It's not enough to fix the de novo application process
In the wake of the 2008 financial crisis, new bank applications all but dried up under unfavorable economic conditions — until now.
The Federal Deposit Insurance Corp., which approves the deposit insurance for startup banks, has more than 40 de novo applications filed since the start of 2017, according to its website. Though far below pre-recession numbers, that represents a significant uptick from the early part of this decade.
In addition to better economic conditions, the head of the FDIC is also actively trying to encourage new banks.
“The FDIC wants to see more de novo banks, and we are hard at work on making this a reality,” FDIC Chairman Jelena McWilliams said in a statement last year.
It also issued a request for comment last year to gain feedback on how to improve the application process. Lastly, it created a new voluntary process that allows parties looking to file a new bank application to submit a draft proposal to the FDIC. This allows them to receive feedback on the application before officially filing it.
Despite these efforts by the FDIC, applying and gaining approval for a new bank can still be difficult. Among more than 40 bank applications filed since the start of 2017, roughly a dozen have been withdrawn and only about half have been approved.
Although the FDIC has tried to streamline the process, experts say applicants should expect at least nine months to pass from filing their application to opening doors for business. Applications with issues that require more scrutiny can take longer.
Besides these issues, new banks also have to contend with raising capital to meet requirements. This can be challenging given low interest rates and an overall competitive landscape that has not been favorable for smaller banks in recent years.
Though 15 de novo banks have been established since the start of 2017, 449 banks have been acquired, per S&P Global Market Intelligence, as smaller banks consolidate in search of greater scale. Community banks are struggling to keep up with larger financial institutions that can devote far more resources to digital products and services. In such a challenging environment, it can take several years for investors to earn their money back.
Furthermore, the FDIC expects new banks to have the necessary capital upfront, and the amount that a new bank must raise is a moving target. The FDIC evaluates and sets capital requirements for each new bank application independently based on its unique business proposal, which must cover financial projections for the bank’s first three years of business during de novo supervision.
There’s no minimum capital requirements that can serve as a guidepost, although most recent applications have proposed to raise at least $15-20 million. Banks that have gained approval so far this year varied widely in terms of capital raised. Triad Business Bank (in organization) in North Carolina has targeted about $65 million; while Grasshopper Bank in New York raised $131 million; and Ohio State Bank raised nearly $44 million.
Those applying and looking to improve their chances for approval can start by carefully crafting a sound business plan. That includes taking into account factors like local market dynamics and competition, the bank’s business and operating model, and the anticipated size and complexity of the organization.
Investors must set aside enough to give the bank a reasonable chance of success based on all of these factors, which the FDIC will also take into account when determining capital requirements and final approval.

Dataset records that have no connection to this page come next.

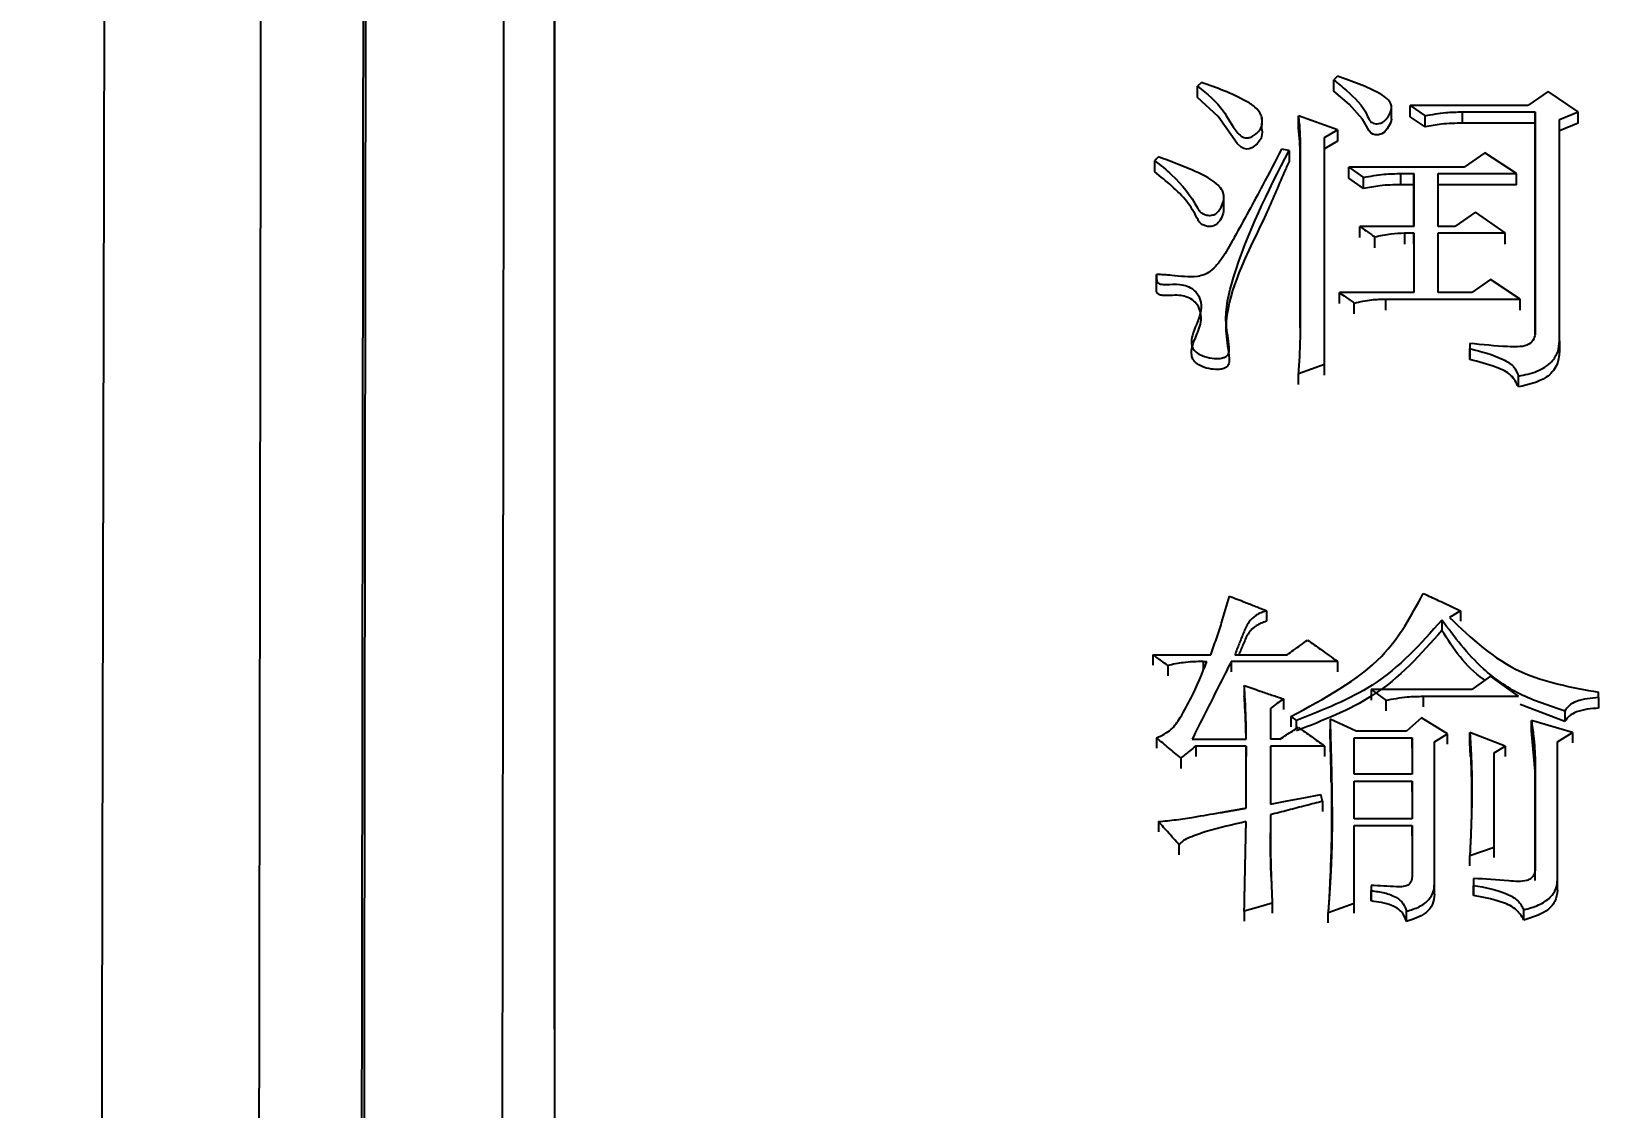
# Model space of a CAD drawing. Header units: millimetres. Extents: x 2126 to 3741, y 477 to 1658.
# Drawn here: x 2346.98 to 2356.17, y 1404.83 to 1411.07 of the extents above; entities that cross this region are included whole.
import ezdxf

# ---------------------------------------------------------------- set-up
doc = ezdxf.new("R2010")
doc.units = ezdxf.units.MM
doc.layers.add('AM_5', color=3, linetype='Continuous', lineweight=25)
doc.styles.add('SLDTEXTSTYLE1', font='txt.shx', dxfattribs={"width": 0.7, "bigfont": 'gbcbig.shx'})
doc.dimstyles.new('SLDDIMSTYLE12$0', dxfattribs={"dimtxt": 12, "dimasz": 10, "dimexe": 0, "dimexo": 0.0625, "dimgap": 0.875, "dimtad": 1, "dimdec": 1, "dimlfac": 1.8, "dimrnd": 1e-09, "dimzin": 12, "dimdsep": 46, "dimtxsty": 'SLDTEXTSTYLE1', "dimcen": 0.09, "dimdle": 8.16, "dimclrd": 3, "dimclre": 3, "dimadec": 0, "dimazin": 3, "dimtfac": 1, "dimtdec": 1, "dimtofl": 0, "dimtmove": 0, "dimatfit": 3, "dimfxl": 0, "dimfrac": 2, "dimtolj": 1, "dimlwd": 5, "dimlwe": 5, "dimarcsym": 0})

# ---------------------------------------------------------------- blocks, each defined once
blk = doc.blocks.new('*D20')
at = {"layer": 'AM_5', "color": 3, "lineweight": 5, "transparency": 16777216}
blk.add_line((2548.0333, 1555.6995), (2264.196, 1555.6995), dxfattribs=at)
at = {"layer": 'AM_5', "color": 3, "linetype": 'Continuous', "lineweight": 5, "transparency": 16777216}
for p, q in [((2264.196, 1545.6995), (2264.196, 1266.9589)), ((2595.101, 1256.9589), (2264.196, 1256.9589))]:
    blk.add_line(p, q, dxfattribs=at)
at = {"layer": 'AM_5', "color": 3, "transparency": 16777216}
for points in [[(2262.5293, 1545.6995), (2265.8627, 1545.6995), (2264.196, 1555.6995)], [(2262.5293, 1266.9589), (2265.8627, 1266.9589), (2264.196, 1256.9589)]]:
    blk.add_solid(points, dxfattribs=at)
at = {"layer": 'Defpoints', "color": 0, "transparency": 16777216}
for p in [(2548.0958, 1555.6995), (2264.196, 1256.9589), (2595.1635, 1256.9589)]:
    blk.add_point(p, dxfattribs=at)
at = {"layer": 'AM_5', "color": 0, "transparency": 16777216, "insert": (2257.321, 1403.6472), "char_height": 12, "attachment_point": 5, "rotation": 90, "style": 'SLDTEXTSTYLE1'}
blk.add_mtext('\\A1;350', dxfattribs=at)

msp = doc.modelspace()

# ---------------------------------------------------------------- linework, layer by layer
at = {"color": 7, "linetype": 'Continuous', "lineweight": 25}
for p, q in [((2354.5384, 1410.7212), (2354.5384, 1410.7866)), ((2353.7703, 1410.7717), (2353.7487, 1410.7495)), ((2353.7487, 1410.6841), (2353.7487, 1410.7495)), ((2355.7823, 1410.7198), (2355.6633, 1410.6382)), ((2355.9554, 1410.6011), (2355.7823, 1410.7198)), ((2354.874, 1410.5593), (2354.874, 1410.6249)), ((2354.9818, 1410.6382), (2355.0684, 1410.5788)), ((2355.6633, 1410.6382), (2354.9818, 1410.6382)), ((2354.9818, 1410.573), (2354.9818, 1410.6382)), ((2355.2847, 1410.6011), (2355.7066, 1410.6011)), ((2355.2847, 1410.5359), (2355.2847, 1410.6011)), ((2355.7066, 1410.6011), (2355.7066, 1409.3116)), ((2355.7066, 1410.5359), (2355.7066, 1410.6011)), ((2355.8472, 1410.5565), (2355.9554, 1410.6011)), ((2355.9554, 1410.5359), (2355.9554, 1410.6011)), ((2354.1219, 1410.5564), (2354.1219, 1410.5658)), ((2354.1219, 1410.5007), (2354.1219, 1410.5366)), ((2354.56, 1410.497), (2354.3328, 1410.5788)), ((2354.3328, 1410.5137), (2354.3328, 1410.5788)), ((2355.0684, 1410.5137), (2354.9818, 1410.573)), ((2355.0684, 1410.5137), (2355.0684, 1410.5788)), ((2355.7066, 1410.5359), (2355.2847, 1410.5359)), ((2355.7066, 1409.3116), (2355.7066, 1410.5359)), ((2355.8472, 1409.2738), (2355.8472, 1410.5565)), ((2355.9554, 1410.5359), (2355.8472, 1410.4914)), ((2354.4842, 1410.4524), (2354.56, 1410.497)), ((2354.4842, 1409.1374), (2354.4842, 1410.4524)), ((2354.56, 1410.432), (2354.4842, 1410.3874)), ((2354.56, 1410.497), (2354.56, 1410.432)), ((2353.4999, 1410.2535), (2353.4999, 1410.3183)), ((2354.2787, 1410.3779), (2354.2354, 1410.3853)), ((2354.2787, 1410.3779), (2354.2787, 1410.313)), ((2354.3436, 1410.3705), (2354.3436, 1409.3494)), ((2354.3436, 1410.3056), (2354.3436, 1410.3705)), ((2355.4145, 1410.363), (2355.2955, 1410.2809)), ((2355.5984, 1410.2436), (2355.4145, 1410.363)), ((2354.3436, 1409.3494), (2354.3436, 1410.3056)), ((2354.6249, 1410.2809), (2354.7114, 1410.2212)), ((2355.2955, 1410.2809), (2354.6249, 1410.2809)), ((2354.6249, 1410.2162), (2354.6249, 1410.2809)), ((2354.9277, 1410.2436), (2355.0035, 1410.2436)), ((2354.9277, 1410.1789), (2354.9277, 1410.2436)), ((2355.0035, 1410.2436), (2355.0035, 1409.9368)), ((2355.0035, 1410.1789), (2355.0035, 1410.2436)), ((2355.1441, 1410.2436), (2355.5984, 1410.2436)), ((2355.1441, 1409.9368), (2355.1441, 1410.2436)), ((2355.5984, 1410.1789), (2355.5984, 1410.2436)), ((2354.7114, 1410.1566), (2354.6249, 1410.2162)), ((2354.7114, 1410.1566), (2354.7114, 1410.2212)), ((2355.0035, 1410.1789), (2354.9277, 1410.1789)), ((2355.0035, 1409.9368), (2355.0035, 1410.1789)), ((2355.5984, 1410.1789), (2355.1441, 1410.1789)), ((2353.9008, 1410.0447), (2353.9008, 1410.1096)), ((2355.3604, 1410.0193), (2355.2414, 1409.9368)), ((2355.5335, 1409.8993), (2355.3604, 1410.0193)), ((2355.0035, 1409.9368), (2354.6898, 1409.9368)), ((2354.6898, 1409.8726), (2354.6898, 1409.9368)), ((2354.7763, 1409.8126), (2354.7763, 1409.8768)), ((2354.9494, 1409.8993), (2355.0035, 1409.8993)), ((2354.9494, 1409.8993), (2354.9494, 1409.8351)), ((2355.0035, 1409.8993), (2355.0035, 1409.5533)), ((2355.0035, 1409.8351), (2355.0035, 1409.8993)), ((2355.2414, 1409.9368), (2355.1441, 1409.9368)), ((2355.1441, 1409.8993), (2355.5335, 1409.8993)), ((2355.1441, 1409.5533), (2355.1441, 1409.8993)), ((2355.5335, 1409.8351), (2355.5335, 1409.8993)), ((2353.5107, 1409.5649), (2353.5107, 1409.6287)), ((2355.447, 1409.6287), (2355.3388, 1409.5533)), ((2355.6201, 1409.5156), (2355.447, 1409.6287)), ((2355.0035, 1409.5533), (2354.5708, 1409.5533)), ((2354.5708, 1409.4896), (2354.5708, 1409.5533)), ((2354.6573, 1409.4293), (2354.6573, 1409.493)), ((2354.8412, 1409.5156), (2355.6201, 1409.5156)), ((2354.8412, 1409.4519), (2354.8412, 1409.5156)), ((2355.3388, 1409.5533), (2355.1441, 1409.5533)), ((2355.6201, 1409.4519), (2355.6201, 1409.5156)), ((2355.328, 1409.2586), (2355.328, 1409.2284)), ((2355.328, 1409.2586), (2355.328, 1409.1954)), ((2355.328, 1409.165), (2355.328, 1409.2284)), ((2355.8472, 1409.2738), (2355.8472, 1409.2105)), ((2354.3328, 1409.0843), (2354.4842, 1409.1374)), ((2354.4842, 1409.0743), (2354.4842, 1409.1374)), ((2354.3328, 1409.0213), (2354.3328, 1409.0843)), ((2355.6092, 1409.006), (2355.6092, 1409.0691)), ((2354.1489, 1407.7088), (2354.1489, 1407.6474)), ((2355.1657, 1407.6546), (2355.1657, 1407.5936)), ((2355.2739, 1407.7088), (2355.209, 1407.6701)), ((2355.2739, 1407.7088), (2355.2739, 1407.6477)), ((2353.4891, 1407.4533), (2353.8244, 1407.4533)), ((2353.4891, 1407.4533), (2353.4891, 1407.3925)), ((2353.5756, 1407.3913), (2353.5756, 1407.3306)), ((2353.7811, 1407.4145), (2353.8028, 1407.4145)), ((2353.7811, 1407.4145), (2353.7811, 1407.3649)), ((2354.56, 1407.4145), (2353.9434, 1407.4145)), ((2353.9434, 1407.4145), (2353.9434, 1407.3538)), ((2353.965, 1407.4533), (2354.2679, 1407.4533)), ((2354.56, 1407.4145), (2354.56, 1407.3538)), ((2355.447, 1407.3292), (2355.3388, 1407.2515)), ((2355.6093, 1407.2126), (2355.447, 1407.3292)), ((2354.0191, 1407.2748), (2354.0191, 1407.2143)), ((2354.2463, 1407.197), (2354.2463, 1407.1366)), ((2354.7547, 1407.2515), (2354.8412, 1407.1893)), ((2355.3388, 1407.2515), (2354.7547, 1407.2515)), ((2354.7547, 1407.2515), (2354.7547, 1407.191)), ((2355.0576, 1407.2126), (2355.6093, 1407.2126)), ((2355.0576, 1407.2126), (2355.0576, 1407.1521)), ((2356.0744, 1407.2048), (2356.0744, 1407.2359)), ((2356.0744, 1407.2048), (2356.0744, 1407.1444)), ((2354.1706, 1407.1426), (2354.1706, 1406.9633)), ((2354.8412, 1407.1893), (2354.8412, 1407.1288)), ((2355.8797, 1407.0664), (2355.6195, 1407.1647)), ((2355.8797, 1407.127), (2355.8797, 1407.0667)), ((2354.2895, 1407.0958), (2354.322, 1407.0725)), ((2354.322, 1407.0265), (2354.322, 1407.0725)), ((2354.6682, 1407.0101), (2354.5167, 1407.0803)), ((2354.5167, 1407.0803), (2354.5167, 1407.02)), ((2354.9602, 1407.0101), (2354.6682, 1407.0101)), ((2355.0468, 1407.0881), (2354.9602, 1407.0101)), ((2355.1982, 1406.9945), (2355.0468, 1407.0881)), ((2355.923, 1407.0023), (2355.685, 1407.0725)), ((2355.685, 1407.0122), (2355.685, 1407.0725)), ((2355.7066, 1406.7781), (2355.685, 1407.0119)), ((2353.5108, 1406.9711), (2353.5108, 1406.911)), ((2353.7162, 1406.9633), (2354.0299, 1406.9633)), ((2354.0299, 1406.9243), (2353.7379, 1406.9243)), ((2353.7379, 1406.9243), (2353.7379, 1406.8643)), ((2354.0299, 1406.5645), (2354.0299, 1406.9243)), ((2354.0299, 1406.9243), (2354.0299, 1406.8643)), ((2354.2246, 1406.9633), (2354.1706, 1406.9633)), ((2354.4843, 1406.9243), (2354.1706, 1406.9243)), ((2354.1706, 1406.9243), (2354.1706, 1406.588)), ((2354.4843, 1406.9243), (2354.4843, 1406.8643)), ((2354.6573, 1406.9711), (2354.9927, 1406.9711)), ((2354.6573, 1406.7602), (2354.6573, 1406.9711)), ((2354.9927, 1406.9711), (2354.9927, 1406.7602)), ((2354.9927, 1406.911), (2354.9927, 1406.9711)), ((2355.1225, 1406.9477), (2355.1982, 1406.9945)), ((2355.1225, 1406.1243), (2355.1225, 1406.9477)), ((2355.1982, 1406.9344), (2355.1982, 1406.9945)), ((2355.5335, 1406.9243), (2355.328, 1407.0023)), ((2355.328, 1406.9418), (2355.328, 1407.0023)), ((2355.3319, 1406.8659), (2355.328, 1406.9418)), ((2355.4686, 1406.8853), (2355.5335, 1406.9243)), ((2355.5335, 1406.9243), (2355.5335, 1406.8643)), ((2355.8364, 1406.9477), (2355.923, 1407.0023)), ((2355.8364, 1406.1479), (2355.8364, 1406.9477)), ((2355.923, 1407.0023), (2355.923, 1406.9422)), ((2353.6513, 1406.854), (2353.6513, 1406.7941)), ((2355.7066, 1406.8384), (2355.7066, 1406.2031)), ((2355.7066, 1406.7785), (2355.7066, 1406.8384)), ((2354.9927, 1406.7602), (2354.6573, 1406.7602)), ((2355.7066, 1406.1436), (2355.7066, 1406.7781)), ((2354.4734, 1406.6037), (2354.4626, 1406.6428)), ((2354.6573, 1406.7211), (2354.9927, 1406.7211)), ((2354.6573, 1406.5017), (2354.6573, 1406.7211)), ((2354.9927, 1406.7211), (2354.9927, 1406.5017)), ((2354.9927, 1406.6613), (2354.9927, 1406.7211)), ((2354.4734, 1406.6037), (2354.4734, 1406.544)), ((2353.5215, 1406.486), (2353.5215, 1406.4266)), ((2354.9927, 1406.5017), (2354.6573, 1406.5017)), ((2354.6573, 1406.4625), (2354.9927, 1406.4625)), ((2354.6573, 1406.0139), (2354.6573, 1406.4625)), ((2354.9927, 1406.4625), (2354.9927, 1406.1716)), ((2354.9927, 1406.4031), (2354.9927, 1406.4625)), ((2353.6405, 1406.3525), (2353.6405, 1406.2932)), ((2355.328, 1406.2896), (2355.4686, 1406.3368)), ((2355.328, 1406.2304), (2355.328, 1406.2896)), ((2355.4686, 1406.2775), (2355.4686, 1406.3368)), ((2354.7547, 1406.1164), (2354.7547, 1406.0849)), ((2354.7547, 1406.1164), (2354.7547, 1406.0574)), ((2355.1225, 1406.0653), (2355.1225, 1406.1243)), ((2355.3497, 1406.1558), (2355.3497, 1406.1164)), ((2355.3497, 1406.1558), (2355.3497, 1406.0968)), ((2355.3497, 1406.0571), (2355.3497, 1406.1164)), ((2355.8364, 1406.0889), (2355.8364, 1406.1479)), ((2354.1814, 1406.0139), (2354.1814, 1405.955)), ((2354.5059, 1405.9586), (2354.6573, 1406.0139)), ((2354.6573, 1405.955), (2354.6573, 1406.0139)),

Any novel aspects to the bank’s business plan that could expose it to higher risk of failure will likely mean a higher capital requirement.
The other critical factor to success is the experience and qualifications of the new institution’s board of directors and management team. These individuals should have experience directly related to the products and services that the bank will offer, as well as the markets it will operate in.
Such experience is critical to bolstering the FDIC’s confidence that the bank will be able to execute its business plan, while lack thereof will raise doubts. Getting such experienced directors is more difficult now after regulatory bodies increased financial penalties and regulatory scrutiny of bank directors in response to the financial crisis.
Beyond the business plan and experience of managers and directors, applicants should keep in mind why the FDIC is trying to revive de novo banks in the first place.
The agency has stated that a pipeline of new banks is important for the communities they serve. With the recent struggles of community banks, de novo banks can help ensure access to financial services to those at risk of being left behind.
Looking for underserved customer segments, and developing a plan to serve them sustainably, can only help to improve the odds for new banks. That will require targeting well defined customer segments, with the right expertise and digital capabilities to build strong relationships with customers in those segments.